WHAT YOU ARE ASKED TO DO: Every line of the material must be restated exactly, though not its pictures.

DATASET RECORDS:

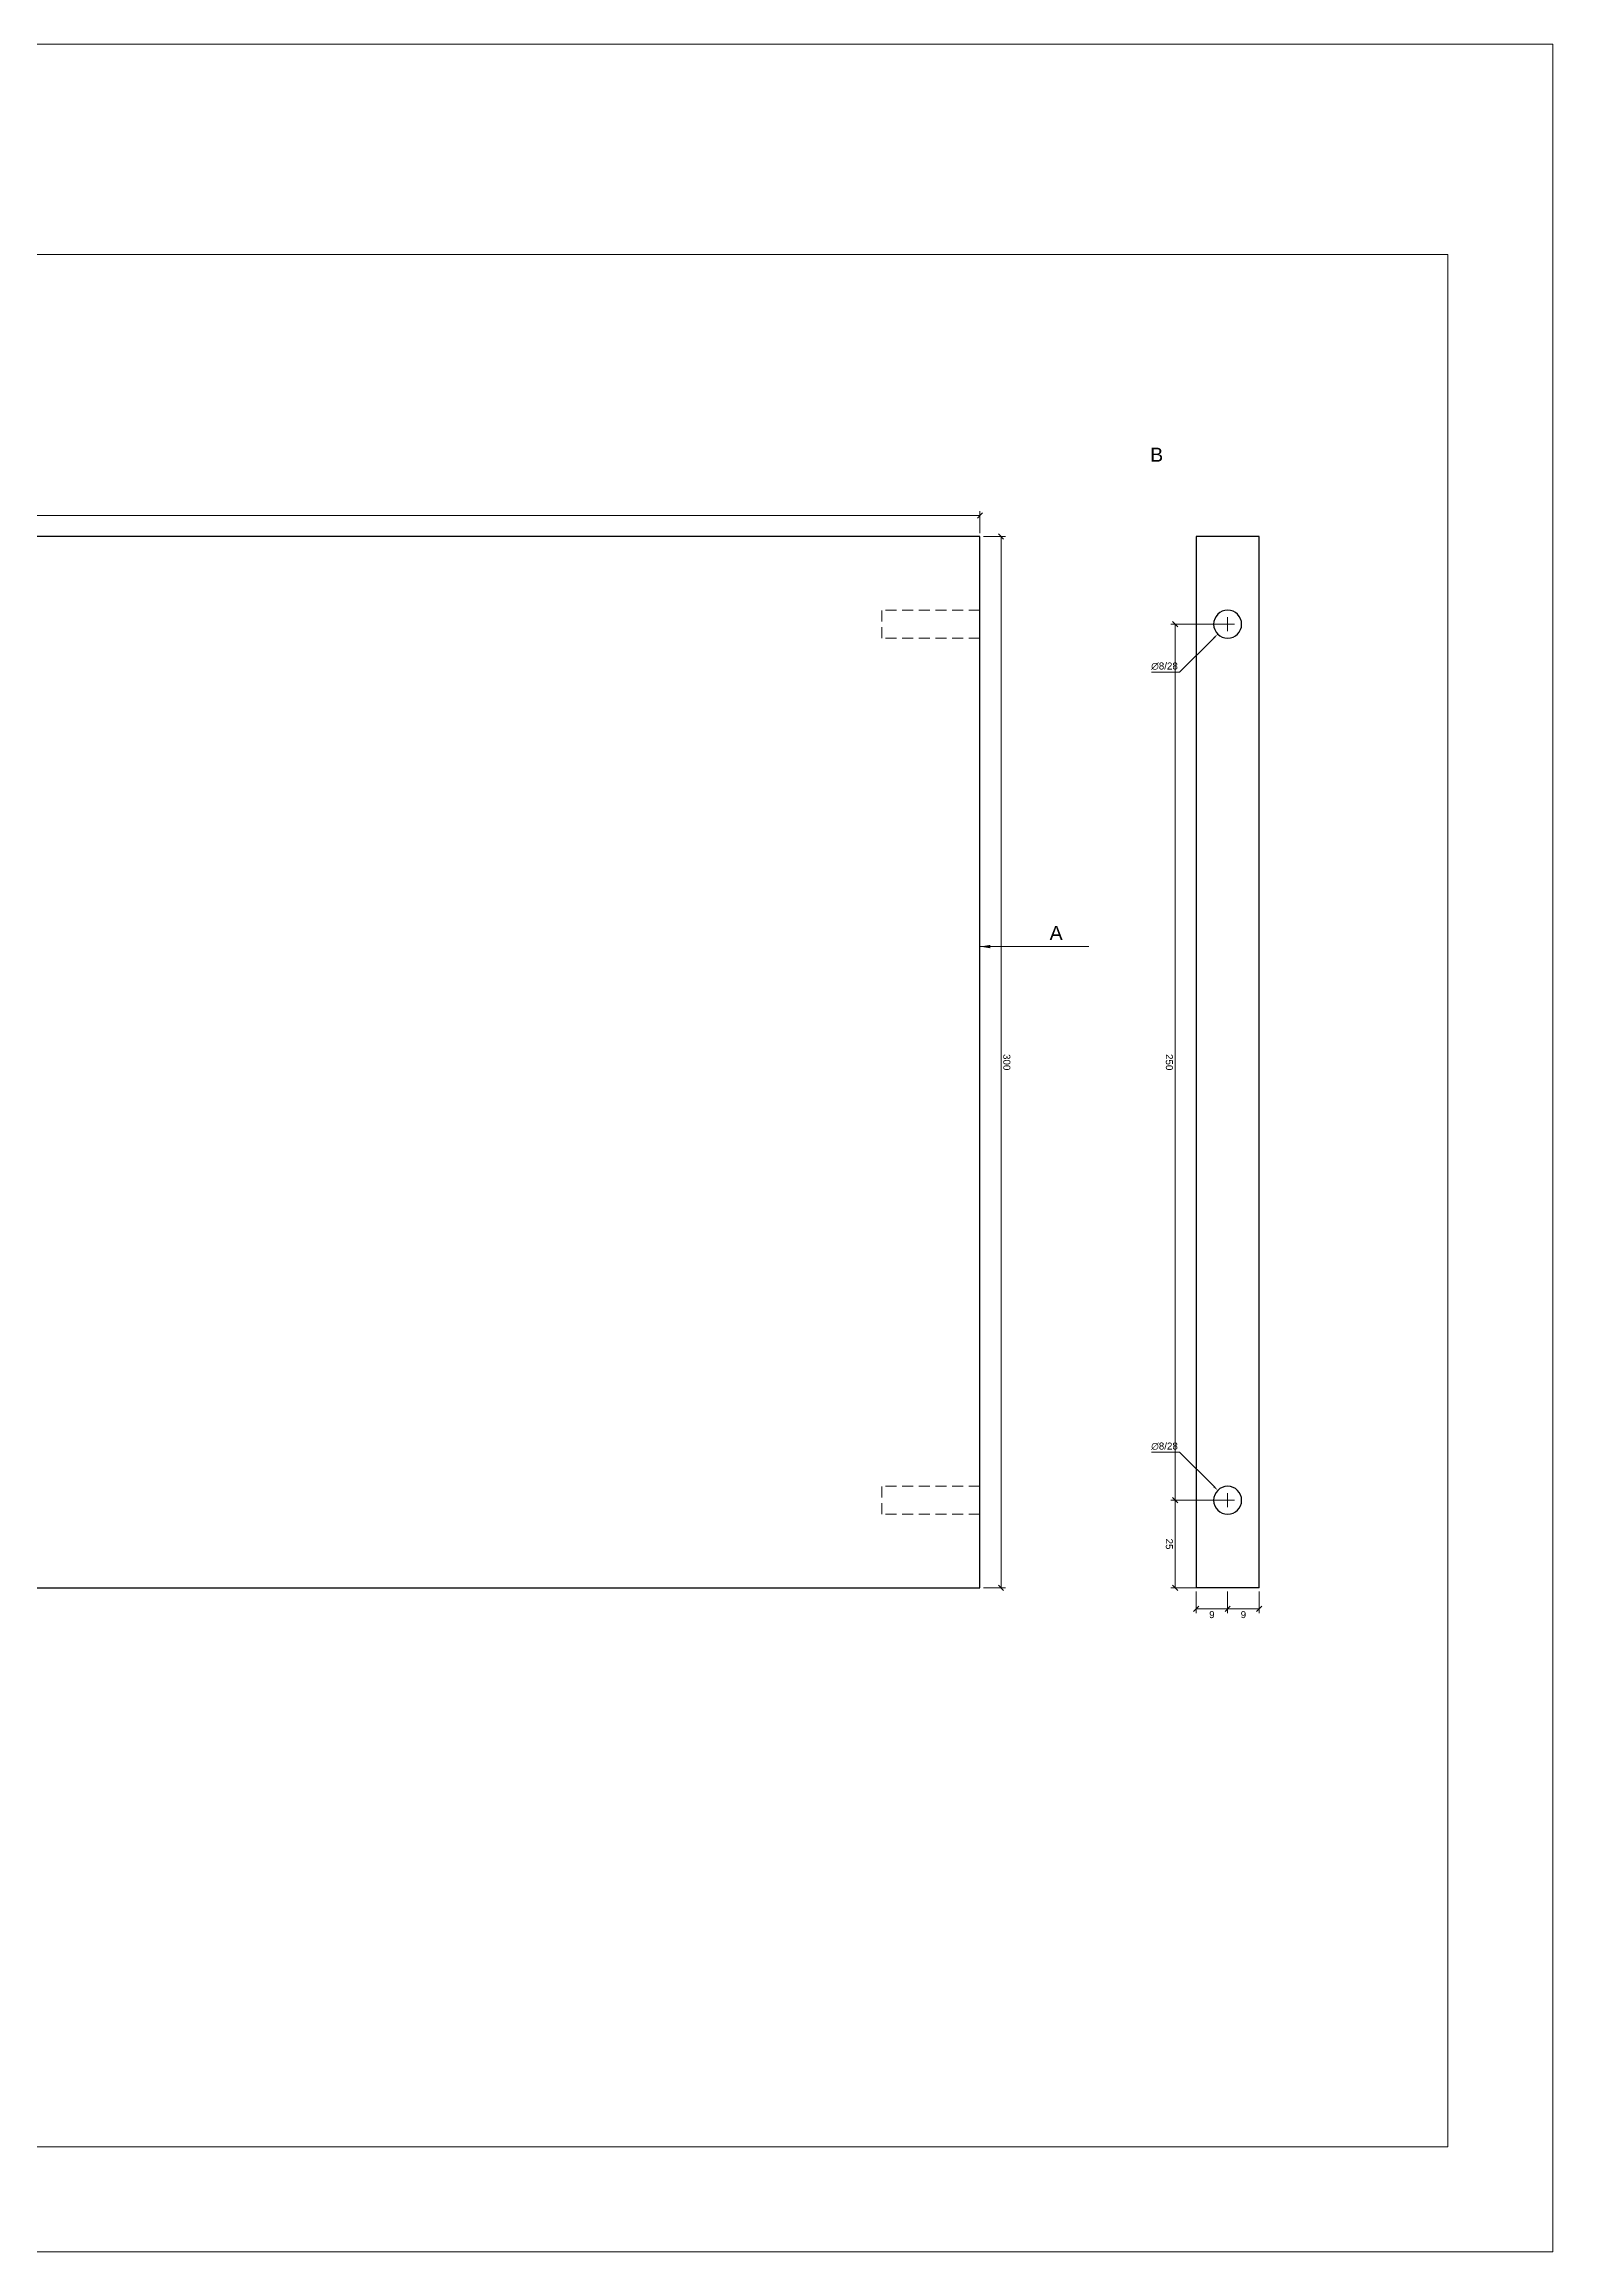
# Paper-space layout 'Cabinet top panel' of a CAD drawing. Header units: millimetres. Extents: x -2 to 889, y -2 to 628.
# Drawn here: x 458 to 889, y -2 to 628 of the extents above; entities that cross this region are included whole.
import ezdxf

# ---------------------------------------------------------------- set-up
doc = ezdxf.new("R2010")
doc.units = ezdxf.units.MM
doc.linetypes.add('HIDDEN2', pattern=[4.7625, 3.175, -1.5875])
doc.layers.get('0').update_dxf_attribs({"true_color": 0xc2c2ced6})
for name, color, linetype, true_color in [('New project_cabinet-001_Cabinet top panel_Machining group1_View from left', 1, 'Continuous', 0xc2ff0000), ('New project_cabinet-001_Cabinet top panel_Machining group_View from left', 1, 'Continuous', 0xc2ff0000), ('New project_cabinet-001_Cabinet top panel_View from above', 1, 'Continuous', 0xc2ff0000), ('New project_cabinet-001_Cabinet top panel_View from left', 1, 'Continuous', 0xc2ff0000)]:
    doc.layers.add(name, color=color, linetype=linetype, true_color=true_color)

ANSWER:
# Paper-space layout 'Cabinet top panel' of a CAD drawing. Header units: millimetres. Extents: x -2 to 889, y -2 to 628.
# Drawn here: x 458 to 889, y -2 to 628 of the extents above; entities that cross this region are included whole.
import ezdxf

# ---------------------------------------------------------------- set-up
doc = ezdxf.new("R2010")
doc.units = ezdxf.units.MM
doc.linetypes.add('HIDDEN2', pattern=[4.7625, 3.175, -1.5875])
doc.layers.get('0').update_dxf_attribs({"true_color": 0xc2c2ced6})
for name, color, linetype, true_color in [('New project_cabinet-001_Cabinet top panel_Machining group1_View from left', 1, 'Continuous', 0xc2ff0000), ('New project_cabinet-001_Cabinet top panel_Machining group_View from left', 1, 'Continuous', 0xc2ff0000), ('New project_cabinet-001_Cabinet top panel_View from above', 1, 'Continuous', 0xc2ff0000), ('New project_cabinet-001_Cabinet top panel_View from left', 1, 'Continuous', 0xc2ff0000)]:
    doc.layers.add(name, color=color, linetype=linetype, true_color=true_color)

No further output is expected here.